Boeing’s endangered 747 gets lifeline as UPS buys 14
The long goodbye for Boeing’s iconic 747 jetliner is turning out to be a little premature.
The plane maker won a $5.65 billion lifeline for the endangered jumbo as United Parcel Service ordered 14 more of the jetliner. The deal came weeks after Delta Air Lines Inc. parked the last of its 747 aircraft, marking the end of U.S. passenger service for the iconic humpbacked plane nicknamed the Queen of the Skies.
The UPS deal rewards Boeing’s optimism that the venerable jet, which transformed air travel when it debuted in 1970, would live on as a cargo-hauler. The courier is also taking four Boeing 767 freighters as it rushes to keep up with growing demand and parlays gains from the recent U.S. corporate tax cut into stepped-up investment.

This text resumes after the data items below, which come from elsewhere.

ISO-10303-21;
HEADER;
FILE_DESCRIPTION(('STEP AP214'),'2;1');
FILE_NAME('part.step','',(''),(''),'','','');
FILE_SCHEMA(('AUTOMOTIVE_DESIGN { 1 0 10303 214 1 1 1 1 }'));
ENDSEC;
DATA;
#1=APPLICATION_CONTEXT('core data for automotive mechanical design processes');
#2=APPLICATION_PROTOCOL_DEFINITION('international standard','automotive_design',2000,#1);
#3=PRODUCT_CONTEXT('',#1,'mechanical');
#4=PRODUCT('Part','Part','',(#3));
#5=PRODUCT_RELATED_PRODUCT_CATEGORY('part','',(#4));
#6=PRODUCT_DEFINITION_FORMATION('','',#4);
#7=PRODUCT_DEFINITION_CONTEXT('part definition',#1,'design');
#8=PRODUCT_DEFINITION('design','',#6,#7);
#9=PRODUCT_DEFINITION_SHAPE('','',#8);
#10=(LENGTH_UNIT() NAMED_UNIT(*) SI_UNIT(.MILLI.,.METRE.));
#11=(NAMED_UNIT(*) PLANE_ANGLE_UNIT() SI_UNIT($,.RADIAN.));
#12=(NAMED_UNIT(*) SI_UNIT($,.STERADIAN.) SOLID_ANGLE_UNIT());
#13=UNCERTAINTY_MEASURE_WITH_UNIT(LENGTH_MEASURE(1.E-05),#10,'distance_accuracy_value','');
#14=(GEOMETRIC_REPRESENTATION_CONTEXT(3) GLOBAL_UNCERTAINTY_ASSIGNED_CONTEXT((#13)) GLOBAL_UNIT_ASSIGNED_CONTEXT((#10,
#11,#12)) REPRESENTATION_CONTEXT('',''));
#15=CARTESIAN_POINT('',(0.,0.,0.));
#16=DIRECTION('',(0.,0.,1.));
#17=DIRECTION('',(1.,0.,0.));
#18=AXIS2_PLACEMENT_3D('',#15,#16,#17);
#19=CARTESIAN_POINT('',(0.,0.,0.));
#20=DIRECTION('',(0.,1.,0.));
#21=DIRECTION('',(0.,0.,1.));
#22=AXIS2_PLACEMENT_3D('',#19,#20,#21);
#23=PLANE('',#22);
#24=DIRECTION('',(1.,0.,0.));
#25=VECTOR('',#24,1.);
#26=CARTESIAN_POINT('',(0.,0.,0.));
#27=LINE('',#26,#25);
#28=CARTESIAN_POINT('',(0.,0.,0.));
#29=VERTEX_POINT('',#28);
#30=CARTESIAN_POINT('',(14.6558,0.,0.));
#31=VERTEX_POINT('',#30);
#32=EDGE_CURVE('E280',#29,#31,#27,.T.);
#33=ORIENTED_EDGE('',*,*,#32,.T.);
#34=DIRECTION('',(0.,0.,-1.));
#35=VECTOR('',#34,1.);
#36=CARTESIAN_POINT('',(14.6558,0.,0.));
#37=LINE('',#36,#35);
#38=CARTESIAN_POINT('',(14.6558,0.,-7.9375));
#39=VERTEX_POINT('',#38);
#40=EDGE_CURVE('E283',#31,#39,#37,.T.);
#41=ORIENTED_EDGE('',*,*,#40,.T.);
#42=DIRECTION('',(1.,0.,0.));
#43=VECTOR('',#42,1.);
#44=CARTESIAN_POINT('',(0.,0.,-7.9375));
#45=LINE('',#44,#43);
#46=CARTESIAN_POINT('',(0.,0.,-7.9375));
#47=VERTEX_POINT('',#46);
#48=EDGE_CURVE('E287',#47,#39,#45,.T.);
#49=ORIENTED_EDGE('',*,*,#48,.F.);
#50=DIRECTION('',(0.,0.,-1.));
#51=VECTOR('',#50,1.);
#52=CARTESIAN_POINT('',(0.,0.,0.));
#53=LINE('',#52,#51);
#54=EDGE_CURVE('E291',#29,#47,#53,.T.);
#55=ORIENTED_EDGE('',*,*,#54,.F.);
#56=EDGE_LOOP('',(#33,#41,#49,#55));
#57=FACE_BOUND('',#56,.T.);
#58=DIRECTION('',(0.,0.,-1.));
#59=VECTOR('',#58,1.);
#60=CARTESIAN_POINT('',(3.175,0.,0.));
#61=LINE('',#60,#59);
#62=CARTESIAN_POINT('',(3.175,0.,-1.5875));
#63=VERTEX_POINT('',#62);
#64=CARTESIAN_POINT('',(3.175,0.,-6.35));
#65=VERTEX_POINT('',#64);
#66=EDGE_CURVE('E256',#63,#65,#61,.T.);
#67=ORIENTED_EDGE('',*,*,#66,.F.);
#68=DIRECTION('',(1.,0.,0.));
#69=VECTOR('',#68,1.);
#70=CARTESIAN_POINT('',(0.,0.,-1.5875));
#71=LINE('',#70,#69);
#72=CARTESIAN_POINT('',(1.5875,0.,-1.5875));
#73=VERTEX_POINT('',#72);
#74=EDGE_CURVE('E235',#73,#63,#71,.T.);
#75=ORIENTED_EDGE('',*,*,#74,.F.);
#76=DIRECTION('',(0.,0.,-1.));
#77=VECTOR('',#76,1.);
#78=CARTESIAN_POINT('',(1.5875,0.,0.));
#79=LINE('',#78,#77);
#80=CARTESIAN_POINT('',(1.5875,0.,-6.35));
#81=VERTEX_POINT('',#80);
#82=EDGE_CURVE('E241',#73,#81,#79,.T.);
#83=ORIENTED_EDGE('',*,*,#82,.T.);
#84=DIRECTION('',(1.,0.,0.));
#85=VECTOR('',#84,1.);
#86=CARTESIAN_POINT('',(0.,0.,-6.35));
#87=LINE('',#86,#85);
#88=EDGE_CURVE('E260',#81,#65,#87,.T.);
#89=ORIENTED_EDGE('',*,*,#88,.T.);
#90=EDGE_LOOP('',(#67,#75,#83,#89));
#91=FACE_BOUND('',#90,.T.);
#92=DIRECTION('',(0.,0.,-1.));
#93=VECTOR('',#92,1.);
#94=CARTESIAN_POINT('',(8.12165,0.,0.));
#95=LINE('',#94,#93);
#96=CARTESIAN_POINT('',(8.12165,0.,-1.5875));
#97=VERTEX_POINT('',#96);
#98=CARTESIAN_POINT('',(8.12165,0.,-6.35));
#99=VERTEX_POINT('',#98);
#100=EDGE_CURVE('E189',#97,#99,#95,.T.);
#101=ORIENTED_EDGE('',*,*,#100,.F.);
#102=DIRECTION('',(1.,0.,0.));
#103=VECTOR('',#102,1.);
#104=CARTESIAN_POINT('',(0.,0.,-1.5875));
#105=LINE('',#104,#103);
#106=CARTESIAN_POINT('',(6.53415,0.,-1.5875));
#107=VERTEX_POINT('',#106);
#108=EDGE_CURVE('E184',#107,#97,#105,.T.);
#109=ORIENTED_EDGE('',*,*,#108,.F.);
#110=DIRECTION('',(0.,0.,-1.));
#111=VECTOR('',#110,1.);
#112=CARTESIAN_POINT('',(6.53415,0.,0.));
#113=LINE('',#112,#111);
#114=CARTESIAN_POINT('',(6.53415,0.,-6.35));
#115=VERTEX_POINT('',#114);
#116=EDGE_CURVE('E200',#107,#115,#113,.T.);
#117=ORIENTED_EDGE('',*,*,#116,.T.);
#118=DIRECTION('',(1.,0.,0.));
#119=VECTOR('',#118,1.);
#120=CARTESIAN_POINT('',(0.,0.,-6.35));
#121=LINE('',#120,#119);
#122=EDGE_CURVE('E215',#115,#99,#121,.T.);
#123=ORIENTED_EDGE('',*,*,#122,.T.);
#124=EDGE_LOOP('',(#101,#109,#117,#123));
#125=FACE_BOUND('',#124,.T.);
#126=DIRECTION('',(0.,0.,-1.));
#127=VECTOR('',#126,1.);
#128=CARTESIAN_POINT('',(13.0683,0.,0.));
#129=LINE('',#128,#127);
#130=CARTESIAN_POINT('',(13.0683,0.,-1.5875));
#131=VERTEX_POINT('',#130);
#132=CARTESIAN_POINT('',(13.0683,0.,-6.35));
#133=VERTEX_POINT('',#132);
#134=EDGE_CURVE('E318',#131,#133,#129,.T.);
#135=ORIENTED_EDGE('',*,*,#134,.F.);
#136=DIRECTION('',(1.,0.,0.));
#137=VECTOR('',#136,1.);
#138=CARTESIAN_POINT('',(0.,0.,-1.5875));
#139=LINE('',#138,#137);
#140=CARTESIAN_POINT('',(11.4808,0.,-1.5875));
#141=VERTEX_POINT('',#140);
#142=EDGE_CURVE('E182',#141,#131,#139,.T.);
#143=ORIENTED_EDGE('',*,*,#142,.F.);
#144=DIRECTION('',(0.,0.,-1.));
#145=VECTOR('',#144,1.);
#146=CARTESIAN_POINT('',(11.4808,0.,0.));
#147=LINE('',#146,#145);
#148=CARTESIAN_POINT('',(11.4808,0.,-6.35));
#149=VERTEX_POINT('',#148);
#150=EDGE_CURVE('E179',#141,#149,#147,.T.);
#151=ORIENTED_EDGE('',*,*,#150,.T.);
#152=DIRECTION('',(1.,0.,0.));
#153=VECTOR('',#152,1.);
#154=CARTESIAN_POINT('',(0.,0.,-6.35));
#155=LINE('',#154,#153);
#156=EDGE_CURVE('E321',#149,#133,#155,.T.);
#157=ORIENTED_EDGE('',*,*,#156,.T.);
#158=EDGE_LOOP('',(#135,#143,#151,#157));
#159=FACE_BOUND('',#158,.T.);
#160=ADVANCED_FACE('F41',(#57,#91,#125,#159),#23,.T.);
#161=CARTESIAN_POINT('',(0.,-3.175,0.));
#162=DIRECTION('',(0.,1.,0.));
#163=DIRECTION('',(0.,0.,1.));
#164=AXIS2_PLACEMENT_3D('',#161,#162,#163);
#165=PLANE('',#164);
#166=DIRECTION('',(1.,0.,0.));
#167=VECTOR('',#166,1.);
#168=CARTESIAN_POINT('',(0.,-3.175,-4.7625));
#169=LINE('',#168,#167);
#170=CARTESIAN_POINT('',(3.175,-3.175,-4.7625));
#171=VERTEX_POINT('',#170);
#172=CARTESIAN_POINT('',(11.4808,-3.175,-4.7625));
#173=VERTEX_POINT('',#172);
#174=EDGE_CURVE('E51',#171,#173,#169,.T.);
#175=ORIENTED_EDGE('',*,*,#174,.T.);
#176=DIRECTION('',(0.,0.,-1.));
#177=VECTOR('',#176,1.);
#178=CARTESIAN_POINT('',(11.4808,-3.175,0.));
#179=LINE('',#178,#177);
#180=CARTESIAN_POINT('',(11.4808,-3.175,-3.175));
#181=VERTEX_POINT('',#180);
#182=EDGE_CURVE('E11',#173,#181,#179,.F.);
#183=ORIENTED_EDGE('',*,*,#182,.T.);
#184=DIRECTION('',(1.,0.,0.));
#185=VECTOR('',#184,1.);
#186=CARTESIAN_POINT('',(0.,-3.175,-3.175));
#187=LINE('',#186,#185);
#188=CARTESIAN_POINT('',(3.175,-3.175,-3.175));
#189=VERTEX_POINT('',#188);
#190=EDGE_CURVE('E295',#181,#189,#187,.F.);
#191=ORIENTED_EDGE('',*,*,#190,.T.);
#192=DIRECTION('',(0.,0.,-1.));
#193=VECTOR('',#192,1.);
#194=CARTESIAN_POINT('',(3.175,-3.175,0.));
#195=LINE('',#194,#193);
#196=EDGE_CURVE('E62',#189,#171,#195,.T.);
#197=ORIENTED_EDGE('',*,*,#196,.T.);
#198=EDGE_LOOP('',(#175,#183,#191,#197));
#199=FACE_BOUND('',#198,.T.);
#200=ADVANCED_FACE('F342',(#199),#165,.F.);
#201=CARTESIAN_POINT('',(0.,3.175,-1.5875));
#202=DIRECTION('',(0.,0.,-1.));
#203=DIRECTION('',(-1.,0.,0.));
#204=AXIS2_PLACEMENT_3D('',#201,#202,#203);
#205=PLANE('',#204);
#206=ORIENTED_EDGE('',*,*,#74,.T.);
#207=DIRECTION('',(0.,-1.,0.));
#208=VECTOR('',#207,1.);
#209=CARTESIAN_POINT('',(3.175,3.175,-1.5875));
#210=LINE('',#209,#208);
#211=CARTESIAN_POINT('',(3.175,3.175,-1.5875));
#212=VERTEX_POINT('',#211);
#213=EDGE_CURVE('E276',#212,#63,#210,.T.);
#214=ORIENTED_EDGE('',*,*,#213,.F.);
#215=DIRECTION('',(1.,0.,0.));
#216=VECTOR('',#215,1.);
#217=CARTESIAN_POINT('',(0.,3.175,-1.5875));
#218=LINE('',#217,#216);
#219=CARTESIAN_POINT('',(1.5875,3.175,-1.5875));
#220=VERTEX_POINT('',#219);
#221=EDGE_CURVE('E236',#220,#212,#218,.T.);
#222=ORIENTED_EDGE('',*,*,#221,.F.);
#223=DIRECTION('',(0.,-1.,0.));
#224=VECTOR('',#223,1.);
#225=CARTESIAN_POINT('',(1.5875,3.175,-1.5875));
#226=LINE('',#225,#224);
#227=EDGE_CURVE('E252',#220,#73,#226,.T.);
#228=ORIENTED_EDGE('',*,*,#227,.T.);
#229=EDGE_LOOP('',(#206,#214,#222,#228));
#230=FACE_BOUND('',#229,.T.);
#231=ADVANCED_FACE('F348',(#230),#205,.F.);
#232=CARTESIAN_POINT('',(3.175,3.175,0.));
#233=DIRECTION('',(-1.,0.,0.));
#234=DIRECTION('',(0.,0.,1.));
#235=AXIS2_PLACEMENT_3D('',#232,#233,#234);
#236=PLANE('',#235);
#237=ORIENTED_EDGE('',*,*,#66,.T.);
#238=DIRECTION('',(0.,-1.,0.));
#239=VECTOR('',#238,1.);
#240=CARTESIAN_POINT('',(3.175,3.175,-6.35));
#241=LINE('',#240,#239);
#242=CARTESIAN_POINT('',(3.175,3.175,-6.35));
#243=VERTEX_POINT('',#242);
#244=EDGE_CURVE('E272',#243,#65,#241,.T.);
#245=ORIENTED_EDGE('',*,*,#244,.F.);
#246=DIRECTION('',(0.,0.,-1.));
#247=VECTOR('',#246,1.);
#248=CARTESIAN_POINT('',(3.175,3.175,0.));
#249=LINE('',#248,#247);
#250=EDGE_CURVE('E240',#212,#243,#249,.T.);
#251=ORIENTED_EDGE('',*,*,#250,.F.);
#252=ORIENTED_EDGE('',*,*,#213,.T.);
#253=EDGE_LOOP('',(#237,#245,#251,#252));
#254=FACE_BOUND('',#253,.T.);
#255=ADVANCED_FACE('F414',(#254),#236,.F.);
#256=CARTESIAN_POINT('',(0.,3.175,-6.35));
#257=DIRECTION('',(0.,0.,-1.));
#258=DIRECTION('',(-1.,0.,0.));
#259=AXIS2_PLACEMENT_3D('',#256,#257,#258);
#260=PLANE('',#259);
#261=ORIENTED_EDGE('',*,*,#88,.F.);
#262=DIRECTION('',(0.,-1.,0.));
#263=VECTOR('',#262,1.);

“Our intra-U.S. next-day and deferred air shipments are expanding to record levels, and UPS’s international segment has produced four consecutive quarters of double-digit export shipment growth,” UPS Chief Executive Officer David Abney said in a statement. “To support this strong customer demand, we continue to invest in additional air capacity.”
The hulking jumbos, built to carry a 137.7-ton payload, are needed as UPS expands its network to profit from burgeoning air shipments in China and other Asian markets. With the latest transaction, the Atlanta-based company is exercising options that double a previous order for the 747-8.
All 32 of the new Boeing jets will be delivered by the end of 2022, adding more than 9 million pounds of cargo capacity, UPS said. The company’s global airline network includes more than 500 owned and leased aircraft. UPS received three new 747-8 freighters in 2017.
UPS’s appetite for the 747 means Boeing will continue producing its largest aircraft into the 2020s, more than half a century after the plane started whisking passengers across oceans. As sales slowed, the manufacturer had insisted that a long-awaited rebound in the air-cargo market would spark new interest in the jumbo freighter. The hinged nose of the jet flips open so that large, bulky items such as oil-drilling equipment can be loaded quickly.
At the end of 2017, Chicago-based Boeing had just 12 unfilled orders in its dwindling 747 backlog, 11 of them destined for UPS. The latest deal will provide more than two years of output at the production rate of six jets annually.
Airbus is moving to a similar manufacturing pace for its A380 superjumbo after landing a lifesaving order from Emirates Airline last month. Demand for such four-engine aircraft has fallen as the airframers created twin-engine models, such as the Boeing 777 and Airbus A350, which are able to fly similar numbers of people over long distances.
The 747 freighter has a list price of $403.6 million, according to Boeing’s website, before the discounts that are customary for aircraft orders.